# Cortical circuitry and mechanisms underlying remote cue-specific fear memory and extinction

> **NIH NIH R01** · UNIVERSITY OF VERMONT & ST AGRIC COLLEGE · 2022 · $504,064

## Abstract

Project Summary
Individuals with fear disorders such as post-traumatic stress disorder (PTSD) experience
excessively strong and intrusive fear memories about stimuli that were encountered during a prior
trauma, including individual sounds or visual stimuli (“cue-specific” fear memory) or the
combination of stimuli that together define the place in which the event occurred (“contextual” fear
memory). The memories may have been formed recently or long ago (“remote” memories), in
which case they may plague a person for a substantial portion of his/her life. The development of
effective therapies depends on a thorough understanding the neural mechanisms that underlie
these different types of fear memories, as well as fear extinction, which is the basis for exposure-
based therapy commonly used to reduce fear in humans. To date, a substantial body of research
has identified discrete neural systems that support recent versus remote contextual memory, and
other studies have identified the substrates of recently-acquired cue-specific memory and
extinction, but very little work has focused on the brain mechanisms involved in remote cue-
specific memory and extinction. This is important to resolve particularly with respect to PTSD
since individuals often do not seek therapy until long after the traumatic event, especially in cases
of combat trauma or sexual assault. To address this, the proposed research advances a new
theoretical model of the neural circuits that underlie remote cue-specific fear memory and
extinction.
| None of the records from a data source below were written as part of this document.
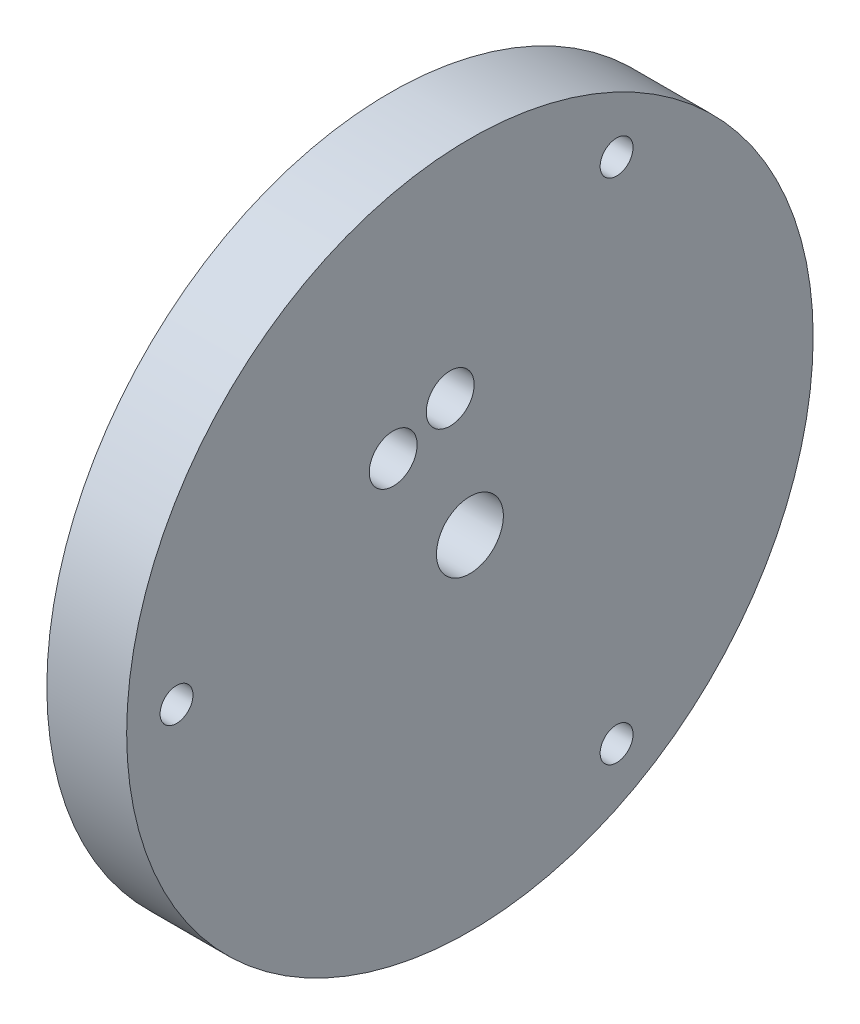
SolidWorks part; units mm, degrees
ref_plane "Front Plane" through (0, 0, 0) normal (0, 0, 1) x (1, 0, 0)
ref_plane "Top Plane" through (0, 0, 0) normal (0, 1, 0) x (1, 0, 0)
ref_plane "Right Plane" through (0, 0, 0) normal (1, 0, 0) x (0, 0, -1)
sketch "Axial profile (mm)" plane through (0, 0, 0) normal (0, 0, 1) x (1, 0, 0)
  line L0 (-110, 0) -> (75, 0) construction
  line L1 (148.7, 3.35) -> (156.7, 3.35)
  line L2 (156.7, 3.35) -> (156.7, 34.4)
  line L3 (156.7, 34.4) -> (148.7, 34.4)
  line L4 (148.7, 34.4) -> (148.7, 3.35)
revolve "Full revolution" add sketch "Axial profile (mm)" angle 360 about L0
sketch "Sketch2" plane through (0, 0, 0) normal (1, 0, 0) x (0, 0, -1)
  circle A0 centre (-1.9774, 12.8487) radius 2.4
  circle A1 centre (-7.6872, 10.4836) radius 2.4
  circle A2 centre (-29.4, 0) radius 1.65
  circle A3 centre (14.7, -25.4611) radius 1.65
  circle A4 centre (14.7, 25.4611) radius 1.65
extrude "Axial holes" cut sketch "Sketch2" against normal through all and the other way through all

This model is based on new data from our laboratory and combines state-of-the art
chemogenetic and optogentic-anatomical approaches to test the hypotheses that a)
communication between the retrosplenial cortex and secondary sensory cortices is necessary for
remote cue-specific fear memory, and b) the postrhinal cortex mediates the context-dependency
of extinction of remote cue-specific fear.

## Key facts

- **NIH application ID:** 10401949
- **Project number:** 5R01MH118734-05
- **Recipient organization:** UNIVERSITY OF VERMONT & ST AGRIC COLLEGE
- **Principal Investigator:** Allan T Gulledge
- **Activity code:** R01 (R01, R21, SBIR, etc.)
- **Funding institute:** NIH
- **Fiscal year:** 2022
- **Award amount:** $504,064
- **Award type:** 5
- **Project period:** 2019-07-01 → 2024-04-30

## Primary source

NIH RePORTER: https://reporter.nih.gov/project-details/10401949

## Citation

> US National Institutes of Health, RePORTER application 10401949, Cortical circuitry and mechanisms underlying remote cue-specific fear memory and extinction (5R01MH118734-05). Retrieved via AI Analytics 2026-05-22 from https://api.ai-analytics.org/grant/nih/10401949. Licensed CC0.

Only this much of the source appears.